Each line of data below must be printed exactly as written, with any pictures removed.
+++ Input records +++
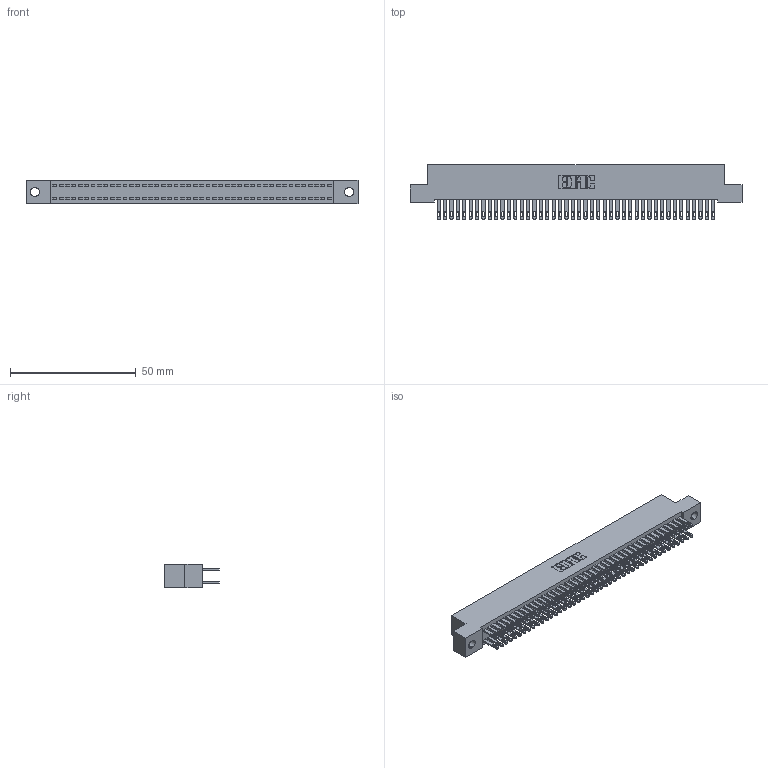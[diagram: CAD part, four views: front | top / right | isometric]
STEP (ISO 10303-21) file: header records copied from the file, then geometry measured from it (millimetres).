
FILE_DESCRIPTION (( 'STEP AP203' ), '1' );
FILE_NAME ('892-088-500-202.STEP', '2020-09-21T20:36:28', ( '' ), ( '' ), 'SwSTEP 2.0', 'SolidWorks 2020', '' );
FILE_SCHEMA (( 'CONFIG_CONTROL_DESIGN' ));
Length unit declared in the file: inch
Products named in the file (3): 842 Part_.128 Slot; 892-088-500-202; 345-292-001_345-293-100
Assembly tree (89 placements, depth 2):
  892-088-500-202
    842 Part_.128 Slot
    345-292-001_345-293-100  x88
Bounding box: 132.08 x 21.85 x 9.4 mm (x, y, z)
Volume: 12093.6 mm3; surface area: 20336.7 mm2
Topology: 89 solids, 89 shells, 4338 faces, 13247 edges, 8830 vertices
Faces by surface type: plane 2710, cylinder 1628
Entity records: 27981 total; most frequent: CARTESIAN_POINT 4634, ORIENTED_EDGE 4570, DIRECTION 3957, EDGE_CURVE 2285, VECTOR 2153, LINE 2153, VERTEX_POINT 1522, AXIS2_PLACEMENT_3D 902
+++
The completed task:
[diagram: CAD part, four views: front | top / right | isometric]
STEP (ISO 10303-21) file: header records copied from the file, then geometry measured from it (millimetres).
FILE_DESCRIPTION (( 'STEP AP203' ), '1' );
FILE_NAME ('892-088-500-202.STEP', '2020-09-21T20:36:28', ( '' ), ( '' ), 'SwSTEP 2.0', 'SolidWorks 2020', '' );
FILE_SCHEMA (( 'CONFIG_CONTROL_DESIGN' ));
Length unit declared in the file: inch
Products named in the file (3): 842 Part_.128 Slot; 892-088-500-202; 345-292-001_345-293-100
Assembly tree (89 placements, depth 2):
  892-088-500-202
    842 Part_.128 Slot
    345-292-001_345-293-100  x88
Bounding box: 132.08 x 21.85 x 9.4 mm (x, y, z)
Volume: 12093.6 mm3; surface area: 20336.7 mm2
Topology: 89 solids, 89 shells, 4338 faces, 13247 edges, 8830 vertices
Faces by surface type: plane 2710, cylinder 1628
Entity records: 27981 total; most frequent: CARTESIAN_POINT 4634, ORIENTED_EDGE 4570, DIRECTION 3957, EDGE_CURVE 2285, VECTOR 2153, LINE 2153, VERTEX_POINT 1522, AXIS2_PLACEMENT_3D 902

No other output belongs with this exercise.